INSTRUCTIONS FOR THE TASK: Could you restate, exactly and with nothing added, the lines from the start of the data through the line that holds "73.96655497), (-46.022954778, 75.3140972))", leaving the pictures out?

(Data extracted from a collection)
##########
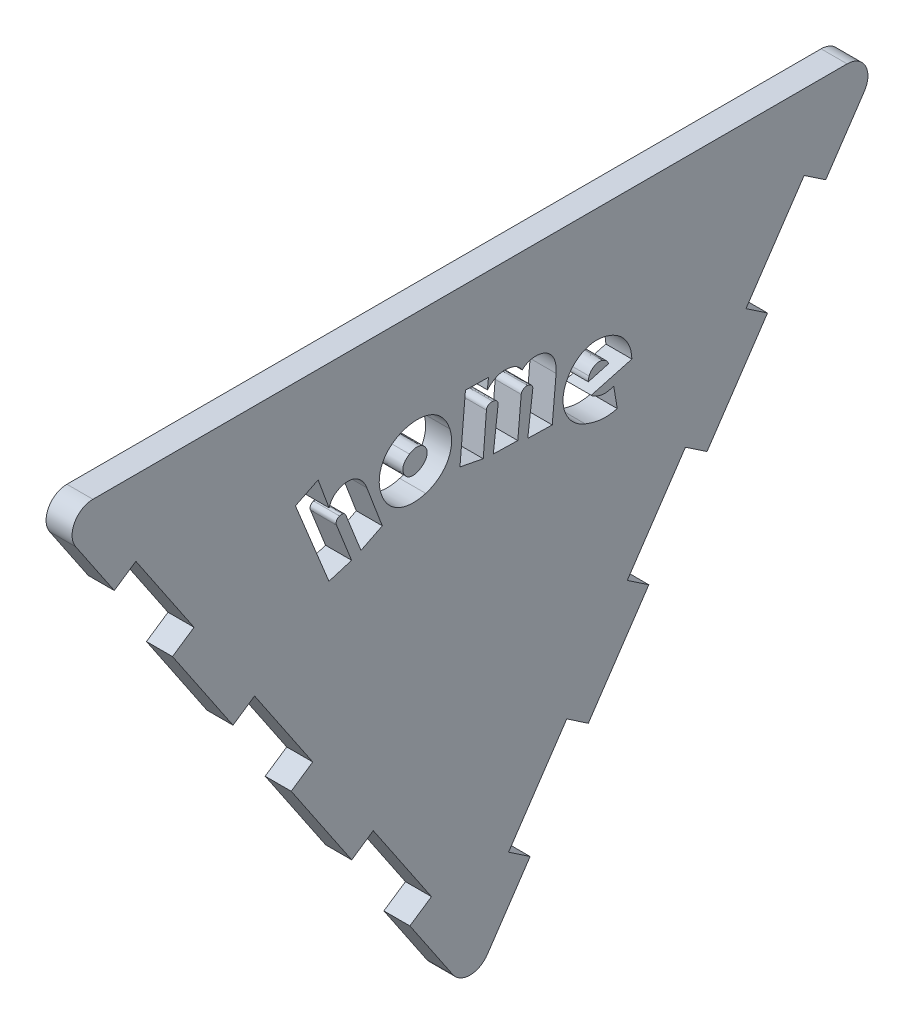
from build123d import *

# Parameters (mm, degrees)
EXTRUDE1_DEPTH     = 3.175
CUT_EXTRUDE1_DEPTH = 4.175
CUT_EXTRUDE2_DEPTH = 4.175


with BuildPart() as part:
    # Sketch1 → Extrude1 (new body)
    with BuildSketch(Plane(origin=(0, 0, 0), x_dir=(0, 0, -1), z_dir=(1, 0, 0))):
        with BuildLine():
            Line((-2.105755434, 3.121910816), (-48.128710212, 71.353747226))
            ThreePointArc((-48.128710212, 71.353747226), (-48.265641664, 73.96655497), (-46.022954778, 75.3140972))
            Line((-46.022954778, 75.3140972), (46.022954778, 75.3140972))
            ThreePointArc((46.022954778, 75.3140972), (48.265641664, 73.96655497), (48.128710212, 71.353747226))
            Line((48.128710212, 71.353747226), (2.105755434, 3.121910816))
            ThreePointArc((2.105755434, 3.121910816), (0, 2.002260791), (-2.105755434, 3.121910816))
        make_face()
    extrude(amount=EXTRUDE1_DEPTH)

    # Sketch2 → Cut-Extrude1 (cut, through all)
    with BuildSketch(Plane(origin=(3.175, 0, 0), x_dir=(0, 0, -1), z_dir=(1, 0, 0))):
        Polygon((-43.414180131, 64.364168942), (-40.781985838, 66.139606411), (-33.680235964, 55.610829239), (-36.312430257, 53.835391771), align=None)
        Polygon((-28.926610388, 42.885463512), (-21.824860514, 32.356686341), (-19.192666221, 34.132123809), (-26.294416095, 44.660900981), align=None)
        Polygon((-11.806846352, 23.182195551), (-4.705096478, 12.65341838), (-7.337290771, 10.877980911), (-14.439040645, 21.406758083), align=None)
        Polygon((4.705096478, 12.65341838), (7.337290771, 10.877980911), (14.439040645, 21.406758083), (11.806846352, 23.182195551), align=None)
        Polygon((28.926610388, 42.885463512), (26.294416095, 44.660900981), (19.192666221, 34.132123809), (21.824860514, 32.356686341), align=None)
        Polygon((43.414180131, 64.364168942), (36.312430257, 53.835391771), (33.680235964, 55.610829239), (40.781985838, 66.139606411), align=None)
    extrude(amount=-CUT_EXTRUDE1_DEPTH, mode=Mode.SUBTRACT)

    # Sketch3 → Cut-Extrude2 (cut, through all)
    with BuildSketch(Plane(origin=(3.175, 0, 0), x_dir=(0, 0, -1), z_dir=(1, 0, 0))):
        with BuildLine():
            Line((-18.538789786, 63.621277359), (-21.306595982, 62.256304541))
            Line((-21.306595982, 62.256304541), (-17.217655511, 52.243182771))
            Line((-17.217655511, 52.243182771), (-14.447856653, 53.076115089))
            Line((-14.447856653, 53.076115089), (-16.295053445, 57.719015333))
            add(Edge.make_bspline(
                [(-16.295053445, 57.719015333), (-16.309628512, 57.760402158), (-16.337539428, 57.839656966), (-16.346919652, 57.963133227), (-16.331902897, 58.081456258), (-16.286231613, 58.191568768), (-16.220290113, 58.290883593), (-16.137194867, 58.377641876), (-16.038705305, 58.451292064), (-15.96306235, 58.484940887), (-15.92441849, 58.502131125)],
                knots=[0, 0, 0, 0, 0.000131123, 0.000251097, 0.000367765, 0.000485804, 0.000605181, 0.000723573, 0.000844732, 0.000971278, 0.000971278, 0.000971278, 0.000971278], degree=3))
            add(Edge.make_bspline(
                [(-15.92441849, 58.502131125), (-15.882941496, 58.516083169), (-15.803310416, 58.542869496), (-15.681686317, 58.560389959), (-15.56519626, 58.550287037), (-15.456808745, 58.514990497), (-15.357588686, 58.46296645), (-15.274832924, 58.390457892), (-15.203558515, 58.305703682), (-15.172976042, 58.238039419), (-15.157243986, 58.203231968)],
                knots=[0, 0, 0, 0, 0.000131123, 0.00025174, 0.000365758, 0.000478568, 0.0005918, 0.000699219, 0.000806896, 0.000920966, 0.000920966, 0.000920966, 0.000920966], degree=3))
            Line((-15.157243986, 58.203231968), (-13.306061872, 53.548375758))
            Line((-13.306061872, 53.548375758), (-10.703646543, 54.847590762))
            Line((-10.703646543, 54.847590762), (-12.592689217, 59.813302095))
            add(Edge.make_bspline(
                [(-12.592689217, 59.813302095), (-12.627986955, 59.901508386), (-12.697284686, 60.074678008), (-12.821244216, 60.322462168), (-12.965209083, 60.550615982), (-13.122829474, 60.762719579), (-13.292668827, 60.955671536), (-13.47600424, 61.125659127), (-13.666822238, 61.277237854), (-13.871708669, 61.402334969), (-14.084524408, 61.507061526), (-14.307887403, 61.585525054), (-14.540637677, 61.637277793), (-14.781936984, 61.663453199), (-15.031229443, 61.660634127), (-15.286783088, 61.631299569), (-15.547988488, 61.568585432), (-15.719091029, 61.505530399), (-15.806851488, 61.473188748)],
                knots=[0, 0, 0, 0, 0.000284951, 0.000559425, 0.000829788, 0.001093219, 0.001351536, 0.001599669, 0.001842422, 0.002081317, 0.002318377, 0.002552817, 0.002789701, 0.0030322, 0.003279298, 0.003536104, 0.003802414, 0.004082841, 0.004082841, 0.004082841, 0.004082841], degree=3))
            add(Edge.make_bspline(
                [(-15.806851488, 61.473188748), (-15.891354299, 61.437006352), (-16.056877107, 61.36613283), (-16.286994614, 61.233251889), (-16.495700601, 61.083465804), (-16.682627989, 60.915445668), (-16.846952063, 60.726758717), (-16.982552504, 60.511533677), (-17.098203853, 60.274228467), (-17.150863689, 60.102440499), (-17.17780229, 60.014560861)],
                knots=[0, 0, 0, 0, 0.000275571, 0.000539785, 0.000795289, 0.001045008, 0.001292267, 0.001543216, 0.001806141, 0.002081511, 0.002081511, 0.002081511, 0.002081511], degree=3))
            Line((-17.17780229, 60.014560861), (-17.203706883, 60.002604895))
            Line((-17.203706883, 60.002604895), (-18.538789786, 63.621277359))
        make_face()
        with BuildLine():
            add(Edge.make_bspline(
                [(-2.462660194, 60.970428343), (-2.513750123, 61.118940064), (-2.614066285, 61.410545982), (-2.808144904, 61.822343556), (-3.036549251, 62.200418519), (-3.298601983, 62.542466256), (-3.584287896, 62.852202684), (-3.896229573, 63.123289701), (-4.229279013, 63.357946434), (-4.585804488, 63.5512892), (-4.960232211, 63.706357209), (-5.349186174, 63.828072136), (-5.755910326, 63.903924349), (-6.174576465, 63.946720517), (-6.604163558, 63.947295568), (-7.040382848, 63.91202451), (-7.481794513, 63.834064087), (-7.773022514, 63.75326355), (-7.920558806, 63.712329946)],
                knots=[0, 0, 0, 0, 0.000470897, 0.000924616, 0.001362729, 0.001793554, 0.002215137, 0.002624725, 0.003031042, 0.003434983, 0.003838727, 0.004245273, 0.004655224, 0.005077753, 0.00550618, 0.005942058, 0.006389241, 0.006848388, 0.006848388, 0.006848388, 0.006848388], degree=3))
            add(Edge.make_bspline(
                [(-7.920558806, 63.712329946), (-8.066459112, 63.665418567), (-8.35398471, 63.572970355), (-8.761065684, 63.385815308), (-9.14462811, 63.174075752), (-9.496292726, 62.926241825), (-9.817423822, 62.65309046), (-10.10745102, 62.357495057), (-10.358786449, 62.035200753), (-10.57453477, 61.69108836), (-10.755410664, 61.327932609), (-10.893892022, 60.944883776), (-10.99902419, 60.545601457), (-11.063905837, 60.129812598), (-11.090084006, 59.699692445), (-11.061089728, 59.259717289), (-10.991105366, 58.809838955), (-10.906778782, 58.513403566), (-10.863719175, 58.362035031)],
                knots=[0, 0, 0, 0, 0.000459389, 0.000905318, 0.00134157, 0.001772211, 0.002193459, 0.002604933, 0.003012319, 0.003417021, 0.003821604, 0.004226958, 0.004636812, 0.005058438, 0.005487527, 0.005926677, 0.00637876, 0.006850483, 0.006850483, 0.006850483, 0.006850483], degree=3))
            add(Edge.make_bspline(
                [(-10.863719175, 58.362035031), (-10.815081613, 58.213350068), (-10.719654254, 57.921628751), (-10.525004974, 57.512534465), (-10.302647603, 57.133895444), (-10.04221, 56.793521478), (-9.755296217, 56.48815885), (-9.444423208, 56.219497576), (-9.112530954, 55.986639259), (-8.758079682, 55.7928357), (-8.383909689, 55.636973623), (-7.992450979, 55.519677736), (-7.584724508, 55.439525404), (-7.162398071, 55.398087237), (-6.729389234, 55.39609049), (-6.29034581, 55.435821265), (-5.846949444, 55.509247147), (-5.555299386, 55.590832192), (-5.407813224, 55.632089394)],
                knots=[0, 0, 0, 0, 0.000468881, 0.000919949, 0.00135601, 0.001784043, 0.002202715, 0.002610997, 0.003014539, 0.003416731, 0.003820474, 0.004228347, 0.004640636, 0.005065147, 0.005499552, 0.005937584, 0.006386389, 0.006845536, 0.006845536, 0.006845536, 0.006845536], degree=3))
            add(Edge.make_bspline(
                [(-5.407813224, 55.632089394), (-5.262662594, 55.679902004), (-4.976236428, 55.774250768), (-4.569175713, 55.960334192), (-4.186333572, 56.172574261), (-3.833354966, 56.418607061), (-3.511060963, 56.69071288), (-3.221501498, 56.986765232), (-2.970291794, 57.306886285), (-2.752934993, 57.647486881), (-2.574185774, 58.009437563), (-2.428929935, 58.389162857), (-2.326031581, 58.788387678), (-2.260198634, 59.203241141), (-2.234341099, 59.632796811), (-2.263397713, 60.072709423), (-2.332841708, 60.522918316), (-2.418763085, 60.819106317), (-2.462660194, 60.970428343)],
                knots=[0, 0, 0, 0, 0.00045816, 0.000904089, 0.001340341, 0.001769841, 0.00219261, 0.002604083, 0.003009902, 0.003411234, 0.003814033, 0.004218911, 0.004628765, 0.005048422, 0.005477511, 0.005916661, 0.006368745, 0.006840976, 0.006840976, 0.006840976, 0.006840976], degree=3))
        make_face()
        with BuildLine():
            add(Edge.make_bspline(
                [(-8.006243231, 58.882119564), (-8.050560588, 58.96153356), (-8.136486338, 59.115507252), (-8.200251808, 59.370521274), (-8.209945162, 59.628618736), (-8.154944031, 59.886727867), (-8.046504886, 60.138242591), (-7.879167842, 60.373462468), (-7.657281094, 60.589734782), (-7.480940085, 60.710080641), (-7.388518306, 60.7731549)],
                knots=[0, 0, 0, 0, 0.000271799, 0.000526984, 0.000780178, 0.001040447, 0.001311778, 0.001596478, 0.00190084, 0.00223604, 0.00223604, 0.00223604, 0.00223604], degree=3))
            add(Edge.make_bspline(
                [(-7.388518306, 60.7731549), (-7.293768379, 60.828727087), (-7.112441559, 60.935077861), (-6.826273972, 61.039320398), (-6.544992274, 61.084018508), (-6.273786821, 61.066915788), (-6.018450603, 61.00058827), (-5.787703286, 60.879246201), (-5.583480356, 60.709102545), (-5.477972943, 60.564503812), (-5.423754512, 60.490197031)],
                knots=[0, 0, 0, 0, 0.000329037, 0.000629691, 0.000907844, 0.001177325, 0.001439305, 0.00169332, 0.001953559, 0.002228662, 0.002228662, 0.002228662, 0.002228662], degree=3))
            add(Edge.make_bspline(
                [(-5.423754512, 60.490197031), (-5.378704563, 60.408825517), (-5.291682018, 60.251640961), (-5.227518305, 59.993748587), (-5.220854559, 59.73508038), (-5.274460795, 59.478097227), (-5.383438166, 59.229405282), (-5.547686997, 58.996555811), (-5.763668394, 58.78106633), (-5.937041551, 58.661544265), (-6.02753081, 58.599161695)],
                knots=[0, 0, 0, 0, 0.000278039, 0.000537085, 0.000788231, 0.0010485, 0.001318004, 0.001597154, 0.001898685, 0.002227885, 0.002227885, 0.002227885, 0.002227885], degree=3))
            add(Edge.make_bspline(
                [(-6.02753081, 58.599161695), (-6.124202854, 58.542690332), (-6.308655694, 58.434941465), (-6.599722346, 58.332291581), (-6.882361238, 58.282585977), (-7.112471727, 58.292026044), (-7.286091343, 58.329429979), (-7.409088098, 58.370595654), (-7.527591141, 58.419980968), (-7.634736608, 58.491383927), (-7.740137622, 58.567314917), (-7.835106203, 58.660960928), (-7.926344102, 58.764697443), (-7.979154529, 58.842309208), (-8.006243231, 58.882119564)],
                knots=[0, 0, 0, 0, 0.000335241, 0.000639649, 0.000920395, 0.001191661, 0.001324154, 0.001452073, 0.001580549, 0.001707705, 0.001837228, 0.001969707, 0.002106737, 0.002251051, 0.002251051, 0.002251051, 0.002251051], degree=3))
        make_face(mode=Mode.SUBTRACT)
        with BuildLine():
            Line((7.049075017, 55.216167632), (10.036073929, 55.144431834))
            Line((10.036073929, 55.144431834), (10.508334597, 60.351255154))
            add(Edge.make_bspline(
                [(10.508334597, 60.351255154), (10.514355398, 60.448186567), (10.526226634, 60.63930658), (10.520107193, 60.92384613), (10.492137752, 61.200236507), (10.444555781, 61.468162096), (10.376757618, 61.725438849), (10.290361782, 61.971167498), (10.179392773, 62.201468973), (10.049846181, 62.417302691), (9.900858531, 62.618077793), (9.727344081, 62.798403366), (9.534130099, 62.960243486), (9.31892126, 63.101023512), (9.082388614, 63.217897036), (8.826849258, 63.315056451), (8.54868561, 63.381997221), (8.355875741, 63.40837036), (8.256627612, 63.42194583)],
                knots=[0, 0, 0, 0, 0.000291263, 0.000574284, 0.000852665, 0.00112393, 0.001389762, 0.00165007, 0.001904085, 0.002155263, 0.002404346, 0.002652398, 0.002904216, 0.003159004, 0.003421891, 0.003694296, 0.003977507, 0.00427793, 0.00427793, 0.00427793, 0.00427793], degree=3))
            add(Edge.make_bspline(
                [(8.256627612, 63.42194583), (8.167018195, 63.428509919), (7.991109157, 63.441395647), (7.729262648, 63.427683931), (7.477345659, 63.381058007), (7.235113138, 63.30686283), (7.004021717, 63.207029879), (6.779527529, 63.093146318), (6.567610113, 62.953826329), (6.434595095, 62.849039601), (6.367584938, 62.796250261)],
                knots=[0, 0, 0, 0, 0.000269371, 0.000528792, 0.000784016, 0.001036149, 0.001287074, 0.001538402, 0.001790432, 0.002046301, 0.002046301, 0.002046301, 0.002046301], degree=3))
            add(Edge.make_bspline(
                [(6.367584938, 62.796250261), (6.315187784, 62.869737308), (6.212802792, 63.013332338), (6.039264716, 63.205426664), (5.851718722, 63.369001224), (5.649443497, 63.506869597), (5.426380973, 63.620954484), (5.175707414, 63.706833268), (4.898539208, 63.776074865), (4.702100476, 63.800055059), (4.600094588, 63.812507395)],
                knots=[0, 0, 0, 0, 0.000270606, 0.000528769, 0.000774522, 0.001015494, 0.001261456, 0.001523641, 0.001808786, 0.002116799, 0.002116799, 0.002116799, 0.002116799], degree=3))
            add(Edge.make_bspline(
                [(4.600094588, 63.812507395), (4.474614436, 63.822529369), (4.230807966, 63.842001947), (3.874224504, 63.81457106), (3.540086324, 63.746352856), (3.230415621, 63.627498302), (2.93908147, 63.471511553), (2.660812907, 63.28219096), (2.39261675, 63.061196281), (2.228603449, 62.892211071), (2.145136176, 62.806213566)],
                knots=[0, 0, 0, 0, 0.00037714, 0.000732778, 0.001068883, 0.001396795, 0.001723944, 0.002058313, 0.002405042, 0.002764346, 0.002764346, 0.002764346, 0.002764346], degree=3))
            Line((2.145136176, 62.806213566), (2.119231583, 62.808206227))
            Line((2.119231583, 62.808206227), (2.252739873, 64.063582687))
            Line((2.252739873, 64.063582687), (-0.556912206, 64.115391875))
            Line((-0.556912206, 64.115391875), (-1.224453657, 56.33405048))
            Line((-1.224453657, 56.33405048), (1.615088337, 55.782083369))
            Line((1.615088337, 55.782083369), (2.005649903, 60.721890109))
            add(Edge.make_bspline(
                [(2.005649903, 60.721890109), (2.01152284, 60.769480981), (2.022772601, 60.860642513), (2.073055185, 60.987173187), (2.156640721, 61.090425872), (2.265740396, 61.168250974), (2.386554943, 61.226180695), (2.512839462, 61.264906459), (2.640813527, 61.284528874), (2.726296441, 61.278733893), (2.768839084, 61.27584988)],
                knots=[0, 0, 0, 0, 0.000143485, 0.00027485, 0.000402443, 0.000536352, 0.0006736, 0.000802816, 0.000931601, 0.001059193, 0.001059193, 0.001059193, 0.001059193], degree=3))
            add(Edge.make_bspline(
                [(2.768839084, 61.27584988), (2.821059746, 61.26831527), (2.921420969, 61.253834743), (3.06029627, 61.204501306), (3.183848933, 61.139270268), (3.283589823, 61.050514219), (3.366904455, 60.951855046), (3.416579488, 60.837021488), (3.441080507, 60.7126366), (3.431434519, 60.628276026), (3.42641723, 60.584396497)],
                knots=[0, 0, 0, 0, 0.000157911, 0.000303485, 0.000439935, 0.000574155, 0.000701747, 0.000823951, 0.000945504, 0.001077261, 0.001077261, 0.001077261, 0.001077261], degree=3))
            Line((3.42641723, 60.584396497), (2.844560204, 55.664516367))
            Line((2.844560204, 55.664516367), (5.831559116, 55.59278057))
            Line((5.831559116, 55.59278057), (6.248025275, 60.269556051))
            add(Edge.make_bspline(
                [(6.248025275, 60.269556051), (6.25438015, 60.305902836), (6.267314379, 60.379880313), (6.317986043, 60.484289078), (6.389589218, 60.584410787), (6.483813021, 60.67562201), (6.59619495, 60.754381605), (6.727331199, 60.807312547), (6.872966589, 60.831462853), (6.973316249, 60.824909189), (7.025163084, 60.821523161)],
                knots=[0, 0, 0, 0, 0.000110229, 0.000224351, 0.000344341, 0.000478206, 0.00061583, 0.000753482, 0.000898933, 0.001054411, 0.001054411, 0.001054411, 0.001054411], degree=3))
            add(Edge.make_bspline(
                [(7.025163084, 60.821523161), (7.075404073, 60.814737806), (7.171154192, 60.801806163), (7.30334057, 60.753813385), (7.419636819, 60.69067188), (7.514681442, 60.606424702), (7.590071125, 60.510163003), (7.641558257, 60.402249711), (7.666020073, 60.283222198), (7.662589945, 60.20188382), (7.660821959, 60.159959693)],
                knots=[0, 0, 0, 0, 0.000151678, 0.000289071, 0.000419327, 0.000546421, 0.000667187, 0.000783957, 0.000901979, 0.001027517, 0.001027517, 0.001027517, 0.001027517], degree=3))
            Line((7.660821959, 60.159959693), (7.049075017, 55.216167632))
        make_face()
        with BuildLine():
            Line((17.971785121, 52.902312722), (17.539377674, 55.484801441))
            add(Edge.make_bspline(
                [(17.539377674, 55.484801441), (17.387483648, 55.437686579), (17.081764625, 55.3428579), (16.683235562, 55.273561033), (16.350284665, 55.258398648), (16.086114901, 55.29223848), (15.808930357, 55.355001707), (15.625730407, 55.423429681), (15.530775337, 55.458896848)],
                knots=[0, 0, 0, 0, 0.000476808, 0.000959678, 0.001208888, 0.001473613, 0.001755896, 0.002059645, 0.002059645, 0.002059645, 0.002059645], degree=3))
            add(Edge.make_bspline(
                [(15.530775337, 55.458896848), (15.464679325, 55.486763901), (15.325188543, 55.545575272), (15.123321131, 55.647412453), (14.935404615, 55.759381415), (14.837844101, 55.856922899), (14.793490749, 55.901267601)],
                knots=[0, 0, 0, 0, 0.000215078, 0.000453907, 0.000678875, 0.000866407, 0.000866407, 0.000866407, 0.000866407], degree=3))
            Line((14.793490749, 55.901267601), (19.753224099, 57.246313808))
            add(Edge.make_bspline(
                [(19.753224099, 57.246313808), (19.749557182, 57.350718267), (19.74229399, 57.557515874), (19.702573471, 57.863640356), (19.645440724, 58.162655939), (19.567523871, 58.454353614), (19.469533101, 58.737964894), (19.352161884, 59.014259518), (19.211229212, 59.281761044), (19.052651277, 59.541641911), (18.876739579, 59.791480291), (18.677202269, 60.023471918), (18.460933323, 60.24025181), (18.22529617, 60.440843879), (17.972608445, 60.627061997), (17.698179797, 60.793437894), (17.407024805, 60.946266638), (17.20262641, 61.03249294), (17.098999582, 61.076208344)],
                knots=[0, 0, 0, 0, 0.000313254, 0.000620473, 0.000924907, 0.001226036, 0.001525366, 0.001824432, 0.002125686, 0.002431552, 0.002737319, 0.003041205, 0.003348372, 0.003655068, 0.003968733, 0.004288957, 0.004616942, 0.00495422, 0.00495422, 0.00495422, 0.00495422], degree=3))
            add(Edge.make_bspline(
                [(17.098999582, 61.076208344), (16.967611435, 61.124497582), (16.707622066, 61.220051777), (16.307662723, 61.319087776), (15.906018801, 61.379354913), (15.504982945, 61.401709701), (15.107045635, 61.383995956), (14.716428982, 61.325914533), (14.334251858, 61.228190038), (13.963007878, 61.089221335), (13.602286086, 60.915411477), (13.26060206, 60.693796815), (12.930400151, 60.439519306), (12.619316981, 60.14311882), (12.328518395, 59.807844832), (12.068331858, 59.428520748), (11.832464742, 59.010302112), (11.704643084, 58.709641996), (11.639108309, 58.555492117)],
                knots=[0, 0, 0, 0, 0.0004197, 0.000830498, 0.001233488, 0.001636602, 0.002033547, 0.00242639, 0.002819313, 0.003214629, 0.003613878, 0.004017961, 0.004434084, 0.004862575, 0.005304789, 0.005763023, 0.006240306, 0.006742476, 0.006742476, 0.006742476, 0.006742476], degree=3))
            add(Edge.make_bspline(
                [(11.639108309, 58.555492117), (11.591749397, 58.428188891), (11.497946446, 58.176041662), (11.40805489, 57.783790036), (11.35455745, 57.3881459), (11.346434856, 56.990174659), (11.372412858, 56.595447187), (11.442639408, 56.209769593), (11.542667545, 55.832289758), (11.685510259, 55.467697896), (11.863359452, 55.116304597), (12.075518065, 54.779513285), (12.324366094, 54.459780711), (12.606607654, 54.157047694), (12.923751543, 53.877078629), (13.276304835, 53.627274486), (13.662965183, 53.408944567), (13.938127784, 53.289752073), (14.078125432, 53.229109134)],
                knots=[0, 0, 0, 0, 0.000407098, 0.000806332, 0.001204266, 0.001602923, 0.001998455, 0.002388961, 0.00277712, 0.003168261, 0.00356126, 0.003957093, 0.004360458, 0.004774951, 0.005197099, 0.00562726, 0.006068939, 0.00652641, 0.00652641, 0.00652641, 0.00652641], degree=3))
            add(Edge.make_bspline(
                [(14.078125432, 53.229109134), (14.250694341, 53.163730534), (14.586443443, 53.036530294), (15.090351881, 52.888412572), (15.576525093, 52.78370948), (16.050433659, 52.721911019), (16.520580405, 52.704455412), (16.996450726, 52.726761783), (17.483334503, 52.78987197), (17.80692182, 52.864361386), (17.971785121, 52.902312722)],
                knots=[0, 0, 0, 0, 0.000553465, 0.001076818, 0.001573946, 0.002044045, 0.002508682, 0.002983441, 0.003471838, 0.003979126, 0.003979126, 0.003979126, 0.003979126], degree=3))
        make_face()
        with BuildLine():
            Line((16.913682105, 58.176886518), (14.438797082, 57.495396439))
            add(Edge.make_bspline(
                [(14.438797082, 57.495396439), (14.435654882, 57.534528678), (14.429536611, 57.610724221), (14.42877517, 57.708520468), (14.442952693, 57.792333047), (14.46338296, 57.86947274), (14.493933892, 57.96172028), (14.518890438, 58.027538409), (14.532452151, 58.063304838)],
                knots=[0, 0, 0, 0, 0.000117837, 0.000229444, 0.000292015, 0.000372242, 0.000468655, 0.000583402, 0.000583402, 0.000583402, 0.000583402], degree=3))
            add(Edge.make_bspline(
                [(14.532452151, 58.063304838), (14.569014812, 58.141843992), (14.641932303, 58.298475864), (14.79875223, 58.507346448), (14.986825236, 58.685841142), (15.201626042, 58.828603625), (15.435749465, 58.931015106), (15.685678071, 58.978679928), (15.945479378, 58.974179391), (16.110189557, 58.919953193), (16.194331466, 58.892251835)],
                knots=[0, 0, 0, 0, 0.000259329, 0.000517185, 0.000777949, 0.001033834, 0.001287372, 0.001539047, 0.001792241, 0.002056665, 0.002056665, 0.002056665, 0.002056665], degree=3))
            add(Edge.make_bspline(
                [(16.194331466, 58.892251835), (16.278313928, 58.854723307), (16.438388128, 58.783192313), (16.614082101, 58.654768795), (16.732137793, 58.536775213), (16.805833932, 58.431303675), (16.868447712, 58.310733005), (16.898255133, 58.222534218), (16.913682105, 58.176886518)],
                knots=[0, 0, 0, 0, 0.00027537, 0.000524866, 0.00064746, 0.000774631, 0.000909206, 0.001053574, 0.001053574, 0.001053574, 0.001053574], degree=3))
        make_face(mode=Mode.SUBTRACT)
    extrude(amount=-CUT_EXTRUDE2_DEPTH, mode=Mode.SUBTRACT)


solid = part.part
##########
EXERCISE OUTPUT:
from build123d import *

# Parameters (mm, degrees)
EXTRUDE1_DEPTH     = 3.175
CUT_EXTRUDE1_DEPTH = 4.175
CUT_EXTRUDE2_DEPTH = 4.175


with BuildPart() as part:
    # Sketch1 → Extrude1 (new body)
    with BuildSketch(Plane(origin=(0, 0, 0), x_dir=(0, 0, -1), z_dir=(1, 0, 0))):
        with BuildLine():
            Line((-2.105755434, 3.121910816), (-48.128710212, 71.353747226))
            ThreePointArc((-48.128710212, 71.353747226), (-48.265641664, 73.96655497), (-46.022954778, 75.3140972))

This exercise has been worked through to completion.